Шеннон. Сэр! Сэр! Достоинства ваших стихов несоизмеримы с жалким денежным вознаграждением.
Как-то по-особому, чуть шутливо нежен со стариком – все старое, умирающее так трогает нас, так ранит наши чувства, что рождается потребность в нежности, которую уже ничто не может сдержать. Это относится не только к Шеннону, но и к Ханне. И в отношении друг к другу они тоже перешли границы обычной сдержанности.
Дедушка. А? Да… (Он вконец измучен, но у него еще хватает сил кричать.) Мы тут можем сорвать большой куш, а?
Шеннон. Можете быть совершенно уверены!
Мэксин. Ха!
Шеннон метнул на нее свирепый взгляд. Мэксин с любезной улыбкой отходит к немцам.
Дедушка (задыхаясь и слегка пошатываясь, виснет на руке Шеннона, думая, что это Ханна). А что… в ресторане… очень много народу? (Оглядывается, ничего не видя.) Шеннон. Да, яблоку упасть негде. И еще за дверью стоит толпа.
Но старик не слышит.
Дедушка. Ханна, если здесь есть бар, где пьют коктейли, нам надо бы сначала там поработать.
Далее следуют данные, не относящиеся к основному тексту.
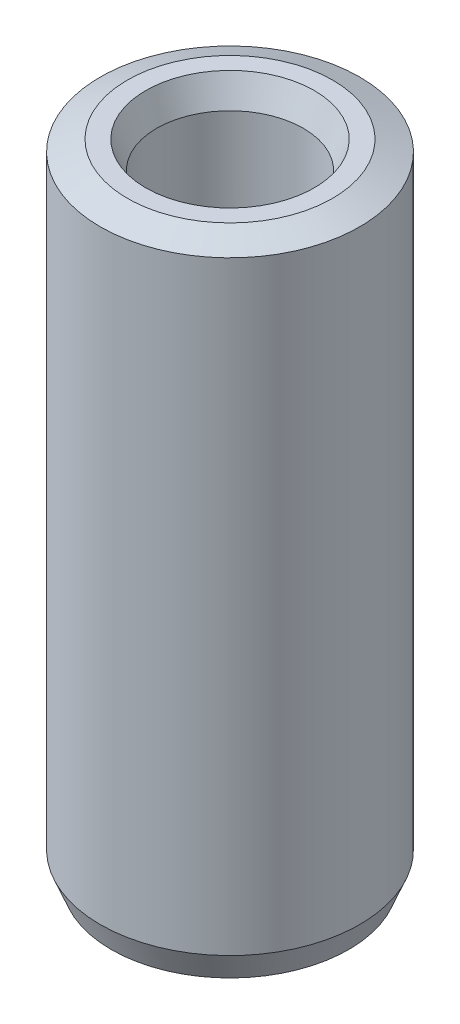
ISO-10303-21;
HEADER;
FILE_DESCRIPTION(('STEP AP214'),'2;1');
FILE_NAME('part.step','',(''),(''),'','','');
FILE_SCHEMA(('AUTOMOTIVE_DESIGN { 1 0 10303 214 1 1 1 1 }'));
ENDSEC;
DATA;
#1=APPLICATION_CONTEXT('core data for automotive mechanical design processes');
#2=APPLICATION_PROTOCOL_DEFINITION('international standard','automotive_design',2000,#1);
#3=PRODUCT_CONTEXT('',#1,'mechanical');
#4=PRODUCT('Part','Part','',(#3));
#5=PRODUCT_RELATED_PRODUCT_CATEGORY('part','',(#4));
#6=PRODUCT_DEFINITION_FORMATION('','',#4);
#7=PRODUCT_DEFINITION_CONTEXT('part definition',#1,'design');
#8=PRODUCT_DEFINITION('design','',#6,#7);
#9=PRODUCT_DEFINITION_SHAPE('','',#8);
#10=(LENGTH_UNIT() NAMED_UNIT(*) SI_UNIT(.MILLI.,.METRE.));
#11=(NAMED_UNIT(*) PLANE_ANGLE_UNIT() SI_UNIT($,.RADIAN.));
#12=(NAMED_UNIT(*) SI_UNIT($,.STERADIAN.) SOLID_ANGLE_UNIT());
#13=UNCERTAINTY_MEASURE_WITH_UNIT(LENGTH_MEASURE(1.E-05),#10,'distance_accuracy_value','');
#14=(GEOMETRIC_REPRESENTATION_CONTEXT(3) GLOBAL_UNCERTAINTY_ASSIGNED_CONTEXT((#13)) GLOBAL_UNIT_ASSIGNED_CONTEXT((#10,
#11,#12)) REPRESENTATION_CONTEXT('',''));
#15=CARTESIAN_POINT('',(0.,0.,0.));
#16=DIRECTION('',(0.,0.,1.));
#17=DIRECTION('',(1.,0.,0.));
#18=AXIS2_PLACEMENT_3D('',#15,#16,#17);
#19=CARTESIAN_POINT('',(0.,210.453476227582,0.));
#20=DIRECTION('',(0.,-1.,0.));
#21=DIRECTION('',(0.,0.,-1.));
#22=AXIS2_PLACEMENT_3D('',#19,#20,#21);
#23=CYLINDRICAL_SURFACE('',#22,42.5);
#24=CARTESIAN_POINT('',(0.,8.90464773771635,0.));
#25=DIRECTION('',(0.,1.,0.));
#26=DIRECTION('',(0.,0.,1.));
#27=AXIS2_PLACEMENT_3D('',#24,#25,#26);
#28=CIRCLE('',#27,42.5);
#29=CARTESIAN_POINT('',(0.,8.90464773771635,42.5));
#30=VERTEX_POINT('',#29);
#31=EDGE_CURVE('E10',#30,#30,#28,.T.);
#32=ORIENTED_EDGE('',*,*,#31,.T.);
#33=EDGE_LOOP('',(#32));
#34=FACE_BOUND('',#33,.T.);
#35=CARTESIAN_POINT('',(0.,206.84951135065,0.));
#36=DIRECTION('',(0.,1.,0.));
#37=DIRECTION('',(0.,0.,1.));
#38=AXIS2_PLACEMENT_3D('',#35,#36,#37);
#39=CIRCLE('',#38,42.5);
#40=CARTESIAN_POINT('',(0.,206.84951135065,-42.5));
#41=VERTEX_POINT('',#40);
#42=EDGE_CURVE('E50',#41,#41,#39,.F.);
#43=ORIENTED_EDGE('',*,*,#42,.T.);
#44=EDGE_LOOP('',(#43));
#45=FACE_BOUND('',#44,.T.);
#46=ADVANCED_FACE('F39',(#34,#45),#23,.T.);
#47=CARTESIAN_POINT('',(0.,210.453476227582,0.));
#48=DIRECTION('',(0.,1.,0.));
#49=DIRECTION('',(0.,0.,1.));
#50=AXIS2_PLACEMENT_3D('',#47,#48,#49);
#51=PLANE('',#50);
#52=CARTESIAN_POINT('',(0.,210.453476227582,0.));
#53=DIRECTION('',(0.,1.,0.));
#54=DIRECTION('',(0.,0.,1.));
#55=AXIS2_PLACEMENT_3D('',#52,#53,#54);
#56=CIRCLE('',#55,27.6134441037123);
#57=CARTESIAN_POINT('',(0.,210.453476227582,27.6134441037123));
#58=VERTEX_POINT('',#57);
#59=EDGE_CURVE('E58',#58,#58,#56,.F.);
#60=ORIENTED_EDGE('',*,*,#59,.T.);
#61=EDGE_LOOP('',(#60));
#62=FACE_BOUND('',#61,.T.);
#63=CARTESIAN_POINT('',(0.,210.453476227582,0.));
#64=DIRECTION('',(0.,1.,0.));
#65=DIRECTION('',(0.,0.,1.));
#66=AXIS2_PLACEMENT_3D('',#63,#64,#65);
#67=CIRCLE('',#66,33.5953522622835);
#68=CARTESIAN_POINT('',(0.,210.453476227582,-33.5953522622836));
#69=VERTEX_POINT('',#68);
#70=EDGE_CURVE('E61',#69,#69,#67,.T.);
#71=ORIENTED_EDGE('',*,*,#70,.T.);
#72=EDGE_LOOP('',(#71));
#73=FACE_BOUND('',#72,.T.);
#74=ADVANCED_FACE('F88',(#62,#73),#51,.T.);
#75=CARTESIAN_POINT('',(0.,0.,0.));
#76=DIRECTION('',(0.,1.,0.));
#77=DIRECTION('',(0.,0.,1.));
#78=AXIS2_PLACEMENT_3D('',#75,#76,#77);
#79=PLANE('',#78);
#80=CARTESIAN_POINT('',(0.,0.,0.));
#81=DIRECTION('',(0.,1.,0.));
#82=DIRECTION('',(0.,0.,1.));
#83=AXIS2_PLACEMENT_3D('',#80,#81,#82);
#84=CIRCLE('',#83,32.9141269644972);
#85=CARTESIAN_POINT('',(0.,0.,-32.9141269644972));
#86=VERTEX_POINT('',#85);
#87=EDGE_CURVE('E51',#86,#86,#84,.T.);
#88=ORIENTED_EDGE('',*,*,#87,.T.);
#89=EDGE_LOOP('',(#88));
#90=FACE_BOUND('',#89,.T.);
#91=CARTESIAN_POINT('',(0.,0.,0.));
#92=DIRECTION('',(0.,1.,0.));
#93=DIRECTION('',(0.,0.,1.));
#94=AXIS2_PLACEMENT_3D('',#91,#92,#93);
#95=CIRCLE('',#94,38.8960351230685);
#96=CARTESIAN_POINT('',(0.,0.,38.8960351230685));
#97=VERTEX_POINT('',#96);
#98=EDGE_CURVE('E54',#97,#97,#95,.F.);
#99=ORIENTED_EDGE('',*,*,#98,.T.);
#100=EDGE_LOOP('',(#99));
#101=FACE_BOUND('',#100,.T.);
#102=ADVANCED_FACE('F83',(#90,#101),#79,.F.);
#103=CARTESIAN_POINT('',(0.,210.453476227582,0.));
#104=DIRECTION('',(0.,-1.,0.));
#105=DIRECTION('',(0.,0.,-1.));
#106=AXIS2_PLACEMENT_3D('',#103,#104,#105);
#107=CYLINDRICAL_SURFACE('',#106,24.0094792267807);
#108=CARTESIAN_POINT('',(0.,201.548828489865,0.));
#109=DIRECTION('',(0.,1.,0.));
#110=DIRECTION('',(0.,0.,1.));
#111=AXIS2_PLACEMENT_3D('',#108,#109,#110);
#112=CIRCLE('',#111,24.0094792267807);
#113=CARTESIAN_POINT('',(0.,201.548828489865,24.0094792267807));
#114=VERTEX_POINT('',#113);
#115=EDGE_CURVE('E67',#114,#114,#112,.T.);
#116=ORIENTED_EDGE('',*,*,#115,.T.);
#117=EDGE_LOOP('',(#116));
#118=FACE_BOUND('',#117,.T.);
#119=CARTESIAN_POINT('',(0.,3.6039648769316,0.));
#120=DIRECTION('',(0.,1.,0.));
#121=DIRECTION('',(0.,0.,1.));
#122=AXIS2_PLACEMENT_3D('',#119,#120,#121);
#123=CIRCLE('',#122,24.0094792267807);
#124=CARTESIAN_POINT('',(0.,3.6039648769316,-24.0094792267807));
#125=VERTEX_POINT('',#124);
#126=EDGE_CURVE('E69',#125,#125,#123,.F.);
#127=ORIENTED_EDGE('',*,*,#126,.T.);
#128=EDGE_LOOP('',(#127));
#129=FACE_BOUND('',#128,.T.);
#130=ADVANCED_FACE('F71',(#118,#129),#107,.F.);
#131=CARTESIAN_POINT('',(0.,201.548828489865,0.));
#132=DIRECTION('',(0.,1.,0.));
#133=DIRECTION('',(0.,0.,1.));
#134=AXIS2_PLACEMENT_3D('',#131,#132,#133);
#135=CONICAL_SURFACE('',#134,24.0094792267807,0.384576027060333);
#136=ORIENTED_EDGE('',*,*,#59,.F.);
#137=EDGE_LOOP('',(#136));
#138=FACE_BOUND('',#137,.T.);
#139=ORIENTED_EDGE('',*,*,#115,.F.);
#140=EDGE_LOOP('',(#139));
#141=FACE_BOUND('',#140,.T.);
#142=ADVANCED_FACE('F77',(#138,#141),#135,.F.);
#143=CARTESIAN_POINT('',(0.,0.,0.));
#144=DIRECTION('',(0.,-1.,0.));
#145=DIRECTION('',(0.,0.,-1.));
#146=AXIS2_PLACEMENT_3D('',#143,#144,#145);
#147=CONICAL_SURFACE('',#146,32.9141269644972,1.18622029973456);
#148=CARTESIAN_POINT('',(0.,3.6039648769316,-24.0094792267807));
#149=CARTESIAN_POINT('',(0.,3.56642357613023,-24.1022359740486));
#150=CARTESIAN_POINT('',(0.,3.52888227532886,-24.1949927213165));
#151=CARTESIAN_POINT('',(0.,3.45379967372611,-24.3805062158522));
#152=CARTESIAN_POINT('',(0.,3.41625837292474,-24.4732629631201));
#153=CARTESIAN_POINT('',(0.,3.341175771322,-24.6587764576559));
#154=CARTESIAN_POINT('',(0.,3.30363447052063,-24.7515332049237));
#155=CARTESIAN_POINT('',(0.,3.22855186891789,-24.9370466994595));
#156=CARTESIAN_POINT('',(0.,3.19101056811652,-25.0298034467274));
#157=CARTESIAN_POINT('',(0.,3.11592796651378,-25.2153169412631));
#158=CARTESIAN_POINT('',(0.,3.07838666571241,-25.308073688531));
#159=CARTESIAN_POINT('',(0.,3.00330406410966,-25.4935871830668));
#160=CARTESIAN_POINT('',(0.,2.96576276330829,-25.5863439303347));
#161=CARTESIAN_POINT('',(0.,2.89068016170555,-25.7718574248704));
#162=CARTESIAN_POINT('',(0.,2.85313886090418,-25.8646141721383));
#163=CARTESIAN_POINT('',(0.,2.77805625930144,-26.0501276666741));
#164=CARTESIAN_POINT('',(0.,2.74051495850007,-26.1428844139419));
#165=CARTESIAN_POINT('',(0.,2.66543235689733,-26.3283979084777));
#166=CARTESIAN_POINT('',(0.,2.62789105609596,-26.4211546557456));
#167=CARTESIAN_POINT('',(0.,2.55280845449321,-26.6066681502813));
#168=CARTESIAN_POINT('',(0.,2.51526715369184,-26.6994248975492));
#169=CARTESIAN_POINT('',(0.,2.4401845520891,-26.884938392085));
#170=CARTESIAN_POINT('',(0.,2.40264325128773,-26.9776951393529));
#171=CARTESIAN_POINT('',(0.,2.32756064968499,-27.1632086338886));
#172=CARTESIAN_POINT('',(0.,2.29001934888362,-27.2559653811565));
#173=CARTESIAN_POINT('',(0.,2.21493674728088,-27.4414788756923));
#174=CARTESIAN_POINT('',(0.,2.17739544647951,-27.5342356229601));
#175=CARTESIAN_POINT('',(0.,2.10231284487677,-27.7197491174959));
#176=CARTESIAN_POINT('',(0.,2.06477154407539,-27.8125058647638));
#177=CARTESIAN_POINT('',(0.,1.98968894247265,-27.9980193592995));
#178=CARTESIAN_POINT('',(0.,1.95214764167128,-28.0907761065674));
#179=CARTESIAN_POINT('',(0.,1.87706504006854,-28.2762896011032));
#180=CARTESIAN_POINT('',(0.,1.83952373926717,-28.3690463483711));
#181=CARTESIAN_POINT('',(0.,1.76444113766443,-28.5545598429068));
#182=CARTESIAN_POINT('',(0.,1.72689983686306,-28.6473165901747));
#183=CARTESIAN_POINT('',(0.,1.65181723526032,-28.8328300847105));
#184=CARTESIAN_POINT('',(0.,1.61427593445894,-28.9255868319783));
#185=CARTESIAN_POINT('',(0.,1.5391933328562,-29.1111003265141));
#186=CARTESIAN_POINT('',(0.,1.50165203205483,-29.203857073782));
#187=CARTESIAN_POINT('',(0.,1.42656943045209,-29.3893705683177));
#188=CARTESIAN_POINT('',(0.,1.38902812965072,-29.4821273155856));
#189=CARTESIAN_POINT('',(0.,1.31394552804798,-29.6676408101214));
#190=CARTESIAN_POINT('',(0.,1.27640422724661,-29.7603975573893));
#191=CARTESIAN_POINT('',(0.,1.20132162564387,-29.945911051925));
#192=CARTESIAN_POINT('',(0.,1.16378032484249,-30.0386677991929));
#193=CARTESIAN_POINT('',(0.,1.08869772323975,-30.2241812937286));
#194=CARTESIAN_POINT('',(0.,1.05115642243838,-30.3169380409965));
#195=CARTESIAN_POINT('',(0.,0.976073820835641,-30.5024515355323));
#196=CARTESIAN_POINT('',(0.,0.93853252003427,-30.5952082828002));
#197=CARTESIAN_POINT('',(0.,0.863449918431529,-30.7807217773359));
#198=CARTESIAN_POINT('',(0.,0.825908617630158,-30.8734785246038));
#199=CARTESIAN_POINT('',(0.,0.750826016027416,-31.0589920191396));
#200=CARTESIAN_POINT('',(0.,0.713284715226045,-31.1517487664074));
#201=CARTESIAN_POINT('',(0.,0.638202113623303,-31.3372622609432));
#202=CARTESIAN_POINT('',(0.,0.600660812821933,-31.4300190082111));
#203=CARTESIAN_POINT('',(0.,0.525578211219191,-31.6155325027468));
#204=CARTESIAN_POINT('',(0.,0.48803691041782,-31.7082892500147));
#205=CARTESIAN_POINT('',(0.,0.412954308815079,-31.8938027445505));
#206=CARTESIAN_POINT('',(0.,0.375413008013708,-31.9865594918184));
#207=CARTESIAN_POINT('',(0.,0.300330406410967,-32.1720729863541));
#208=CARTESIAN_POINT('',(0.,0.262789105609595,-32.264829733622));
#209=CARTESIAN_POINT('',(0.,0.187706504006854,-32.4503432281578));
#210=CARTESIAN_POINT('',(0.,0.150165203205483,-32.5430999754256));
#211=CARTESIAN_POINT('',(0.,0.0750826016027425,-32.7286134699614));
#212=CARTESIAN_POINT('',(0.,0.0375413008013721,-32.8213702172293));
#213=CARTESIAN_POINT('',(0.,0.,-32.9141269644972));
#214=B_SPLINE_CURVE_WITH_KNOTS('',3,(#148,#149,#150,#151,#152,#153,#154,#155,#156,#157,#158,
#159,#160,#161,#162,#163,#164,#165,#166,#167,#168,#169,#170,#171,#172,#173,#174,#175,#176,#177,
#178,#179,#180,#181,#182,#183,#184,#185,#186,#187,#188,#189,#190,#191,#192,#193,#194,#195,#196,
#197,#198,#199,#200,#201,#202,#203,#204,#205,#206,#207,#208,#209,#210,#211,#212,#213),
.UNSPECIFIED.,.F.,.F.,(4,2,2,2,2,2,2,2,2,2,2,2,2,2,2,2,2,2,2,2,2,2,2,2,2,2,2,2,2,2,2,2,4),(0.,
0.300197386507923,0.600394773015846,0.90059215952377,1.20078954603169,1.50098693253961,
1.80118431904754,2.10138170555546,2.40157909206338,2.7017764785713,3.00197386507923,
3.30217125158715,3.60236863809507,3.90256602460299,4.20276341111092,4.50296079761884,
4.80315818412676,5.10335557063468,5.4035529571426,5.70375034365053,6.00394773015845,
6.30414511666637,6.60434250317429,6.90453988968222,7.20473727619014,7.50493466269806,
7.80513204920598,8.10532943571391,8.40552682222183,8.70572420872975,9.00592159523767,
9.3061189817456,9.60631636825352),.UNSPECIFIED.);
#215=EDGE_CURVE('BSEAM73',#125,#86,#214,.T.);
#216=ORIENTED_EDGE('',*,*,#126,.F.);
#217=ORIENTED_EDGE('',*,*,#87,.F.);
#218=ORIENTED_EDGE('',*,*,#215,.T.);
#219=ORIENTED_EDGE('',*,*,#215,.F.);
#220=EDGE_LOOP('',(#216,#218,#217,#219));
#221=FACE_BOUND('',#220,.T.);
#222=ADVANCED_FACE('F73',(#221),#147,.F.);
#223=CARTESIAN_POINT('',(0.,8.90464773771635,0.));
#224=DIRECTION('',(0.,1.,0.));
#225=DIRECTION('',(0.,0.,1.));
#226=AXIS2_PLACEMENT_3D('',#223,#224,#225);
#227=CONICAL_SURFACE('',#226,42.5,0.384576027060336);
#228=ORIENTED_EDGE('',*,*,#98,.F.);
#229=EDGE_LOOP('',(#228));
#230=FACE_BOUND('',#229,.T.);
#231=ORIENTED_EDGE('',*,*,#31,.F.);
#232=EDGE_LOOP('',(#231));
#233=FACE_BOUND('',#232,.T.);
#234=ADVANCED_FACE('F76',(#230,#233),#227,.T.);
#235=CARTESIAN_POINT('',(0.,210.453476227582,0.));
#236=DIRECTION('',(0.,-1.,0.));
#237=DIRECTION('',(0.,0.,-1.));
#238=AXIS2_PLACEMENT_3D('',#235,#236,#237);
#239=CONICAL_SURFACE('',#238,33.5953522622835,1.18622029973456);
#240=CARTESIAN_POINT('',(0.,206.84951135065,-42.5));
#241=CARTESIAN_POINT('',(0.,206.887052651451,-42.4072432527322));
#242=CARTESIAN_POINT('',(0.,206.924593952253,-42.3144865054643));
#243=CARTESIAN_POINT('',(0.,206.999676553855,-42.1289730109285));
#244=CARTESIAN_POINT('',(0.,207.037217854657,-42.0362162636606));
#245=CARTESIAN_POINT('',(0.,207.11230045626,-41.8507027691249));
#246=CARTESIAN_POINT('',(0.,207.149841757061,-41.757946021857));
#247=CARTESIAN_POINT('',(0.,207.224924358664,-41.5724325273212));
#248=CARTESIAN_POINT('',(0.,207.262465659465,-41.4796757800534));
#249=CARTESIAN_POINT('',(0.,207.337548261068,-41.2941622855176));
#250=CARTESIAN_POINT('',(0.,207.375089561869,-41.2014055382497));
#251=CARTESIAN_POINT('',(0.,207.450172163472,-41.015892043714));
#252=CARTESIAN_POINT('',(0.,207.487713464273,-40.9231352964461));
#253=CARTESIAN_POINT('',(0.,207.562796065876,-40.7376218019103));
#254=CARTESIAN_POINT('',(0.,207.600337366677,-40.6448650546425));
#255=CARTESIAN_POINT('',(0.,207.67541996828,-40.4593515601067));
#256=CARTESIAN_POINT('',(0.,207.712961269081,-40.3665948128388));
#257=CARTESIAN_POINT('',(0.,207.788043870684,-40.1810813183031));
#258=CARTESIAN_POINT('',(0.,207.825585171486,-40.0883245710352));
#259=CARTESIAN_POINT('',(0.,207.900667773088,-39.9028110764994));
#260=CARTESIAN_POINT('',(0.,207.93820907389,-39.8100543292315));
#261=CARTESIAN_POINT('',(0.,208.013291675492,-39.6245408346958));
#262=CARTESIAN_POINT('',(0.,208.050832976294,-39.5317840874279));
#263=CARTESIAN_POINT('',(0.,208.125915577897,-39.3462705928921));
#264=CARTESIAN_POINT('',(0.,208.163456878698,-39.2535138456242));
#265=CARTESIAN_POINT('',(0.,208.238539480301,-39.0680003510885));
#266=CARTESIAN_POINT('',(0.,208.276080781102,-38.9752436038206));
#267=CARTESIAN_POINT('',(0.,208.351163382705,-38.7897301092849));
#268=CARTESIAN_POINT('',(0.,208.388704683506,-38.696973362017));
#269=CARTESIAN_POINT('',(0.,208.463787285109,-38.5114598674812));
#270=CARTESIAN_POINT('',(0.,208.50132858591,-38.4187031202133));
#271=CARTESIAN_POINT('',(0.,208.576411187513,-38.2331896256776));
#272=CARTESIAN_POINT('',(0.,208.613952488314,-38.1404328784097));
#273=CARTESIAN_POINT('',(0.,208.689035089917,-37.9549193838739));
#274=CARTESIAN_POINT('',(0.,208.726576390718,-37.8621626366061));
#275=CARTESIAN_POINT('',(0.,208.801658992321,-37.6766491420703));
#276=CARTESIAN_POINT('',(0.,208.839200293123,-37.5838923948024));
#277=CARTESIAN_POINT('',(0.,208.914282894725,-37.3983789002667));
#278=CARTESIAN_POINT('',(0.,208.951824195527,-37.3056221529988));
#279=CARTESIAN_POINT('',(0.,209.026906797129,-37.120108658463));
#280=CARTESIAN_POINT('',(0.,209.064448097931,-37.0273519111951));
#281=CARTESIAN_POINT('',(0.,209.139530699534,-36.8418384166594));
#282=CARTESIAN_POINT('',(0.,209.177072000335,-36.7490816693915));
#283=CARTESIAN_POINT('',(0.,209.252154601938,-36.5635681748557));
#284=CARTESIAN_POINT('',(0.,209.289695902739,-36.4708114275879));
#285=CARTESIAN_POINT('',(0.,209.364778504342,-36.2852979330521));
#286=CARTESIAN_POINT('',(0.,209.402319805143,-36.1925411857842));
#287=CARTESIAN_POINT('',(0.,209.477402406746,-36.0070276912485));
#288=CARTESIAN_POINT('',(0.,209.514943707547,-35.9142709439806));
#289=CARTESIAN_POINT('',(0.,209.59002630915,-35.7287574494448));
#290=CARTESIAN_POINT('',(0.,209.627567609951,-35.6360007021769));
#291=CARTESIAN_POINT('',(0.,209.702650211554,-35.4504872076412));
#292=CARTESIAN_POINT('',(0.,209.740191512355,-35.3577304603733));
#293=CARTESIAN_POINT('',(0.,209.815274113958,-35.1722169658375));
#294=CARTESIAN_POINT('',(0.,209.85281541476,-35.0794602185697));
#295=CARTESIAN_POINT('',(0.,209.927898016362,-34.8939467240339));
#296=CARTESIAN_POINT('',(0.,209.965439317164,-34.801189976766));
#297=CARTESIAN_POINT('',(0.,210.040521918766,-34.6156764822303));
#298=CARTESIAN_POINT('',(0.,210.078063219568,-34.5229197349624));
#299=CARTESIAN_POINT('',(0.,210.153145821171,-34.3374062404266));
#300=CARTESIAN_POINT('',(0.,210.190687121972,-34.2446494931587));
#301=CARTESIAN_POINT('',(0.,210.265769723575,-34.059135998623));
#302=CARTESIAN_POINT('',(0.,210.303311024376,-33.9663792513551));
#303=CARTESIAN_POINT('',(0.,210.378393625979,-33.7808657568193));
#304=CARTESIAN_POINT('',(0.,210.41593492678,-33.6881090095515));
#305=CARTESIAN_POINT('',(0.,210.453476227582,-33.5953522622836));
#306=B_SPLINE_CURVE_WITH_KNOTS('',3,(#240,#241,#242,#243,#244,#245,#246,#247,#248,#249,#250,
#251,#252,#253,#254,#255,#256,#257,#258,#259,#260,#261,#262,#263,#264,#265,#266,#267,#268,#269,
#270,#271,#272,#273,#274,#275,#276,#277,#278,#279,#280,#281,#282,#283,#284,#285,#286,#287,#288,
#289,#290,#291,#292,#293,#294,#295,#296,#297,#298,#299,#300,#301,#302,#303,#304,#305),
.UNSPECIFIED.,.F.,.F.,(4,2,2,2,2,2,2,2,2,2,2,2,2,2,2,2,2,2,2,2,2,2,2,2,2,2,2,2,2,2,2,2,4),(0.,
0.300197386507926,0.600394773015849,0.900592159523775,1.20078954603169,1.50098693253961,
1.80118431904754,2.10138170555546,2.40157909206338,2.70177647857131,3.00197386507922,
3.30217125158716,3.60236863809508,3.90256602460299,4.20276341111092,4.50296079761884,
4.80315818412676,5.10335557063469,5.40355295714261,5.70375034365054,6.00394773015845,
6.30414511666637,6.6043425031743,6.90453988968222,7.20473727619015,7.50493466269806,
7.80513204920599,8.10532943571391,8.40552682222184,8.70572420872975,9.00592159523768,
9.3061189817456,9.60631636825353),.UNSPECIFIED.);
#307=EDGE_CURVE('BSEAM45',#41,#69,#306,.T.);
#308=ORIENTED_EDGE('',*,*,#42,.F.);
#309=ORIENTED_EDGE('',*,*,#70,.F.);
#310=ORIENTED_EDGE('',*,*,#307,.T.);
#311=ORIENTED_EDGE('',*,*,#307,.F.);
#312=EDGE_LOOP('',(#308,#310,#309,#311));
#313=FACE_BOUND('',#312,.T.);
#314=ADVANCED_FACE('F45',(#313),#239,.T.);
#315=CLOSED_SHELL('',(#46,#74,#102,#130,#142,#222,#234,#314));
#316=MANIFOLD_SOLID_BREP('B2',#315);
#317=ADVANCED_BREP_SHAPE_REPRESENTATION('',(#18,#316),#14);
#318=SHAPE_DEFINITION_REPRESENTATION(#9,#317);
ENDSEC;
END-ISO-10303-21;

Куй железо, пока горячо… хо-хо… пока горячо…
Это уже смахивает на бред. И только такая сильная женщина, как Ханна, может сохранять выдержку.
Ханна. Он принимает вас за меня, мистер Шеннон. Помогите ему сесть и, пожалуйста, побудьте с ним минутку…
Отходит от стола и делает несколько глубоких вдохов и выдохов, словно ее только что вытащили из воды. Шеннон усаживает старика в кресло, и тут дедушку сразу покидает лихорадочная живость, он откидывается на спинку и дремлет.